Inflation was flat in October from the previous month, providing a hopeful sign that stubbornly high prices are easing their grip on the U.S. economy and giving a potential green light to the Federal Reserve to stop raising interest rates.
The consumer price index, which measures a broad basket of commonly used goods and services, increased 3.2% from a year ago despite being unchanged for the month, according to seasonally adjusted numbers from the Labor Department on Tuesday. Economists surveyed by Dow Jones had been looking for respective readings of 0.1% and 3.3%.
The headline CPI had increased 0.4% in September.
Excluding volatile food and energy prices, the core CPI increased 0.2% and 4%, against the forecast of 0.3% and 4.1%. The annual level was the lowest in two years, down from 4.1% in September, though still well above the Federal Reserve’s 2% target. However, Fed officials have stressed that they want to see a series of declines in core readings, which has been the case since April.
Markets spiked following the news. The Dow Jones Industrial Average roared higher by nearly 500 points as Treasury yields fell sharply. Traders also took any potential Fed rate hikes almost completely off the table, according to CME Group data.
“The Fed looks smart for effectively ending its tightening cycle as inflation continues to slow. Yields are down significantly as the last of investors not convinced the Fed is done are likely throwing in the towel,” said Bryce Doty, portfolio manager at Sit Fixed Income Advisors.
The flat reading on the headline CPI came as energy prices declined 2.5% for the month, offsetting a 0.3% increase in the food index. It was the slowest monthly pace since July 2022.
Shelter costs, a key component in the index, rose 0.3% in October, half the gain in September as the year-over-year increase eased to 6.7%. Within the category, owners equivalent rent, which gauges what property owners could command for rent, increased 0.4%. A subcategory that includes hotel and motel pricing dropped 2.9%.
“This is a game changer,” Paul McCulley, former chief economist at Pimco and now an adjunct professor at Georgetown University, said on CNBC’s “Squawk on the Street.” “We’re having a day of rational exuberance, because the data clearly show what we’ve been waiting for for a long time, which is a crack in the shelter component.”
Chicago Fed President Austan Goolsbee called the report “slow but clear progress” on getting inflation back to healthy levels.
Vehicle costs, which had been a key inflation component during the spike in 2021-22, fell on the month. New vehicle prices declined 0.1%, while used vehicle prices were off 0.8% and were down 7.1% from a year ago.
Airfares, another closely watched component, declined 0.9% and are off 13.2% annually. Motor vehicle insurance, however, saw a 1.9% increase and was up 19.2% from a year ago.

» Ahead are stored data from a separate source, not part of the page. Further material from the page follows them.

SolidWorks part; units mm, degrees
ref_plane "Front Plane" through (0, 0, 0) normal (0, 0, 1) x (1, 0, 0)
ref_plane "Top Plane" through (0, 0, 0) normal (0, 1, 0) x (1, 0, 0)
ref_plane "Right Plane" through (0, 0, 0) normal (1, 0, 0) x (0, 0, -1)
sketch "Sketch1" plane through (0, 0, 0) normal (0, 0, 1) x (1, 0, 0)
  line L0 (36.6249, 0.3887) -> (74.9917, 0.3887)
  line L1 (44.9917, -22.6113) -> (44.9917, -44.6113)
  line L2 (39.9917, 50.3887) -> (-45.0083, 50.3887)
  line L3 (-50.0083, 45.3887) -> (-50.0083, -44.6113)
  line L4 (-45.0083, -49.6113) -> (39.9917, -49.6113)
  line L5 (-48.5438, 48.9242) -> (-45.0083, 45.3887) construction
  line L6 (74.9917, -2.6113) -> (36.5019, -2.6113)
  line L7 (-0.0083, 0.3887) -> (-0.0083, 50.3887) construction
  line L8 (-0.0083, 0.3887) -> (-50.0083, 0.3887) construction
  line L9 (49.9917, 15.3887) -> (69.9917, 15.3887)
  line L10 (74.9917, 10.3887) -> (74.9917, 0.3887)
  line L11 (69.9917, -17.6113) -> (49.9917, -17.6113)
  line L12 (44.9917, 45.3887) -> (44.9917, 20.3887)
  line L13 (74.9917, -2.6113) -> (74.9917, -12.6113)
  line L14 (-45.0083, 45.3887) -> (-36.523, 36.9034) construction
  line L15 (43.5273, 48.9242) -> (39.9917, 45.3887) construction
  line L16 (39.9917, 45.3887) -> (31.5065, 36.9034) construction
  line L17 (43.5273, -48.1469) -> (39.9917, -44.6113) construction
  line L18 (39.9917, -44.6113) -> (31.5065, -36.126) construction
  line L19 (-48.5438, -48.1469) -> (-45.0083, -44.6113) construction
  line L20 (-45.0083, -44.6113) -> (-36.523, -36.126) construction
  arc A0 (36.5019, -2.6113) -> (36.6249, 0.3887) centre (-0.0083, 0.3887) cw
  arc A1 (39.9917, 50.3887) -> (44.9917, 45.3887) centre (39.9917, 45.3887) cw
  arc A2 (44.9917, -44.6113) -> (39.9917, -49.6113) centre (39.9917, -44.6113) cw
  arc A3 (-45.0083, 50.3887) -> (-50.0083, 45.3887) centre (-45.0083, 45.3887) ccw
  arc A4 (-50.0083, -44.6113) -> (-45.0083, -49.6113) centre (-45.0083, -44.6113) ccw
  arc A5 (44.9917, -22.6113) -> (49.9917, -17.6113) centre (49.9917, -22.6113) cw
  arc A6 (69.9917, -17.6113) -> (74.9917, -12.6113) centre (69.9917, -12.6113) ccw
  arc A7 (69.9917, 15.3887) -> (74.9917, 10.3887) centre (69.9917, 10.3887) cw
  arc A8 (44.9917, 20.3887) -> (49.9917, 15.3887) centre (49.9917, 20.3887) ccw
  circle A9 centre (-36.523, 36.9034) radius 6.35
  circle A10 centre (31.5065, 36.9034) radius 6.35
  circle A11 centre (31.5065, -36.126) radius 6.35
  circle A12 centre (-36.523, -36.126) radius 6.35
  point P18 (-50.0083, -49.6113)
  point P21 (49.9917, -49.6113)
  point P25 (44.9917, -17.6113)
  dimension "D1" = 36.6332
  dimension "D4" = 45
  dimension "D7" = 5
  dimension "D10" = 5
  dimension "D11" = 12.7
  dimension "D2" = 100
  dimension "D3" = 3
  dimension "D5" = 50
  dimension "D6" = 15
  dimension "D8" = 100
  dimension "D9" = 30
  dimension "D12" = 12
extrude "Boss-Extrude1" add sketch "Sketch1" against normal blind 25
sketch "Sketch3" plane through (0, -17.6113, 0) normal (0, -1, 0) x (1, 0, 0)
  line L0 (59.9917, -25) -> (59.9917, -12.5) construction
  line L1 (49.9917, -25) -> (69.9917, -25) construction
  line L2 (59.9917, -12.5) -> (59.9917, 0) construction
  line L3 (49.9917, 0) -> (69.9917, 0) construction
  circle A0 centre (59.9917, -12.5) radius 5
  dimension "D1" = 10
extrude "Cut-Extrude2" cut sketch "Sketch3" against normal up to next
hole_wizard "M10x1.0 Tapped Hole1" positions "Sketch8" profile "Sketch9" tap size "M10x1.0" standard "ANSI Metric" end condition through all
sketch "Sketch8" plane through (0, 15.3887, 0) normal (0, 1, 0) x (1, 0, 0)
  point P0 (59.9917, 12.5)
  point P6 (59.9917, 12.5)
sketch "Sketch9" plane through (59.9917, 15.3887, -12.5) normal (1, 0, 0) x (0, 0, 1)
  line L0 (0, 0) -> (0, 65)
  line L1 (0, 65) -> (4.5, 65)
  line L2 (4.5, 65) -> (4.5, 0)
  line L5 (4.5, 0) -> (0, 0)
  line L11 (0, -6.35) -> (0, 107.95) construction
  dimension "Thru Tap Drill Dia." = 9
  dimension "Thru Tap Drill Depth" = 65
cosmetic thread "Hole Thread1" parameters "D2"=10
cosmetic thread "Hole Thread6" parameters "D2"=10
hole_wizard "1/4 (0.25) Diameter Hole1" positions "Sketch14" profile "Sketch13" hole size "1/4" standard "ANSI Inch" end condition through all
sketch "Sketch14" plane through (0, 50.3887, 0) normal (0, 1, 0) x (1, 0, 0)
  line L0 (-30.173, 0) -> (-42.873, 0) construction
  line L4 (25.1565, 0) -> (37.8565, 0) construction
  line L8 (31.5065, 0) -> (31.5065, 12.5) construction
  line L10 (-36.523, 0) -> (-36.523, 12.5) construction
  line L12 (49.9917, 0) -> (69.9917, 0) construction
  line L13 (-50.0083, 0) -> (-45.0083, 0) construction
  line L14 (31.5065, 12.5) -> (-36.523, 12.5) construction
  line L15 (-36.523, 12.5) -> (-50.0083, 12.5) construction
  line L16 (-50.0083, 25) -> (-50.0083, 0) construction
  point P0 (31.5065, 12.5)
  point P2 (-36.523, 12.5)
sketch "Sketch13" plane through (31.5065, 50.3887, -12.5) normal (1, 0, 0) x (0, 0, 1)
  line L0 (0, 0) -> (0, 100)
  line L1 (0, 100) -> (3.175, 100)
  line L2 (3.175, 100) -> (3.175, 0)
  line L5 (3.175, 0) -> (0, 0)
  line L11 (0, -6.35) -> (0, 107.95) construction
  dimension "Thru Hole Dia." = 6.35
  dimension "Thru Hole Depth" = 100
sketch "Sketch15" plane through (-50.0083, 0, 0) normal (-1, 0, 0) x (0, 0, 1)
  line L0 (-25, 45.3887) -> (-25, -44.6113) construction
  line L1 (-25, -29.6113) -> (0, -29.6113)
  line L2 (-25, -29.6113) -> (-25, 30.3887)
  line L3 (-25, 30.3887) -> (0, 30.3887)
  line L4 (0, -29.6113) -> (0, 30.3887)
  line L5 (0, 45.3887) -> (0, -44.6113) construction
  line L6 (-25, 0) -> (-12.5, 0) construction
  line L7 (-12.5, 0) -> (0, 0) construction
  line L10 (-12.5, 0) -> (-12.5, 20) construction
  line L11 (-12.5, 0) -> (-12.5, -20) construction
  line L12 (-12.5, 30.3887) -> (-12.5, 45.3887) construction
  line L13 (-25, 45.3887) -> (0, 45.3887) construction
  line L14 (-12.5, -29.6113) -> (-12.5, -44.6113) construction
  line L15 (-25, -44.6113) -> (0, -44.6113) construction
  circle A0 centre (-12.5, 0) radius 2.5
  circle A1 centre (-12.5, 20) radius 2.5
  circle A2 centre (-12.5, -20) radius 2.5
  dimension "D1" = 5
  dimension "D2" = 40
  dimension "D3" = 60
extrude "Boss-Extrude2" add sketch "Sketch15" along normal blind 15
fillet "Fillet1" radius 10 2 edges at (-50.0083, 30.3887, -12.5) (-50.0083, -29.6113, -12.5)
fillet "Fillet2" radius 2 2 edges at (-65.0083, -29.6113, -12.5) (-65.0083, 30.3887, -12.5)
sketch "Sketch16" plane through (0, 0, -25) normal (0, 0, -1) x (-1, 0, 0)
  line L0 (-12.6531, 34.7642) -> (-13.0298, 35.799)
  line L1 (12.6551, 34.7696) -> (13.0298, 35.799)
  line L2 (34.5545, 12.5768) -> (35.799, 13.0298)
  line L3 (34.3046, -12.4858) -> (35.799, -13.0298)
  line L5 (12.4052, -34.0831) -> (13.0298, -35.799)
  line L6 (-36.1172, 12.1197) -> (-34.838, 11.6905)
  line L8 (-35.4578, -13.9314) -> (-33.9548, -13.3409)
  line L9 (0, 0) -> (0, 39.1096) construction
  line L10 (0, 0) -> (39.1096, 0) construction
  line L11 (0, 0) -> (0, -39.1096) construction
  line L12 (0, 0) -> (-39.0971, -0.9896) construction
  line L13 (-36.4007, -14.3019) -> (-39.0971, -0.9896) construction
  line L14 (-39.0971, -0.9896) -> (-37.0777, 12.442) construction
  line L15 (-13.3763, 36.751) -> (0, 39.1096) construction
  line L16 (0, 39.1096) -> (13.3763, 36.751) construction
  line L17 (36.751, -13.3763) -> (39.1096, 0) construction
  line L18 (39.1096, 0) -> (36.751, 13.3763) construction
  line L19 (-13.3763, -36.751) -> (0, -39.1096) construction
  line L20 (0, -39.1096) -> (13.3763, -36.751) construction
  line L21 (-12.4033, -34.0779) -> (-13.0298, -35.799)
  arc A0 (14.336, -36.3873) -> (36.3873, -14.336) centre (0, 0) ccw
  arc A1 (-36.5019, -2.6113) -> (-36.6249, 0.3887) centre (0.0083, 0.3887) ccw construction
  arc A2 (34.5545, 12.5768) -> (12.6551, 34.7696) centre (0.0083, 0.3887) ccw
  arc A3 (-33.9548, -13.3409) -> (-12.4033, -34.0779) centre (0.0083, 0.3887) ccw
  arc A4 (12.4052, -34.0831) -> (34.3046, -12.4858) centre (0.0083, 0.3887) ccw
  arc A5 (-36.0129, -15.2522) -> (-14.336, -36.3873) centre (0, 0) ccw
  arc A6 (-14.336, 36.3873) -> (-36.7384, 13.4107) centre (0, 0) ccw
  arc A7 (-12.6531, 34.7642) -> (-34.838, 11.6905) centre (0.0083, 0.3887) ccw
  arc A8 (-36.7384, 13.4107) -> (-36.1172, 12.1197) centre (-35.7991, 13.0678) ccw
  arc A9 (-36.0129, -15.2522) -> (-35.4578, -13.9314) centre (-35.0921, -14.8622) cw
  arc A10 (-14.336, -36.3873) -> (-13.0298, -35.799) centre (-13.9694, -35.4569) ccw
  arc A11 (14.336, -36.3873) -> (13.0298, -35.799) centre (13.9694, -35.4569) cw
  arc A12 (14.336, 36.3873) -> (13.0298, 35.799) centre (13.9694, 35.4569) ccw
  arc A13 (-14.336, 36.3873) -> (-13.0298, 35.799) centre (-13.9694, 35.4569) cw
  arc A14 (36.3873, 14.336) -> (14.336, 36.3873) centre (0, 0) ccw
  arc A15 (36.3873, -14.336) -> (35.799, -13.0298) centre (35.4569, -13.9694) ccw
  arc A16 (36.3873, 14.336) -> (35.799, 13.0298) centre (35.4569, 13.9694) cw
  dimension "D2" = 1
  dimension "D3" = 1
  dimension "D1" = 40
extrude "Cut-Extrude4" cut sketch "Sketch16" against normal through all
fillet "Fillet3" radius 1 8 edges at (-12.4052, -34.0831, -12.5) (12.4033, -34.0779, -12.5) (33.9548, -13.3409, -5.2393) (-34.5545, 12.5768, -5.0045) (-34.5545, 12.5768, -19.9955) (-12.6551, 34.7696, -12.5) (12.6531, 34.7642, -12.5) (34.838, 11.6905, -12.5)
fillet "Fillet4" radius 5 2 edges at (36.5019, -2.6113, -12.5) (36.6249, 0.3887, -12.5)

The report comes as markets are closely watching the Fed for its next steps in a battle against persistent inflation that began in March 2022. The central bank ultimately increased its key borrowing rate 11 times for a total of 5.25 percentage points.
While markets overwhelmingly believe the Fed is done tightening monetary policy, the data of late has sent conflicting signals.
Nonfarm payrolls in October increased by just 150,000, indicating the labor market finally is showing signs that it is reacting to Fed efforts to correct a supply-demand imbalance that has been a contributing inflation factor.
Labor costs have been increasing at a much slower pace over the past year and a half as productivity has been on the rise this year.
Real average hourly earnings — adjusted for inflation — increased 0.2% on a monthly basis in October but were up just 0.8% from a year ago, according to a separate Labor Department release.
More broadly speaking, gross domestic product surged in the third quarter, rising at a 4.9% annualized pace, though most economists expect the growth rate to slow considerably.
Fed Chair Jerome Powell last week added to market anxiety when he said he and his fellow policymakers remain unconvinced that they’ve done enough to get inflation back down to a 2% annual rate and won’t hesitate to raise rates if more progress isn’t made.
“Despite the deceleration, the Fed will likely continue to speak hawkishly and will keep warning investors not to be complacent about the Fed’s resolve to get inflation down to the long-run 2% target,” said Jeffrey Roach, chief economist at LPL Financial.
Even if the Fed is done hiking, there’s more uncertainty over how long it will keep benchmark rates at their highest level in some 22 years.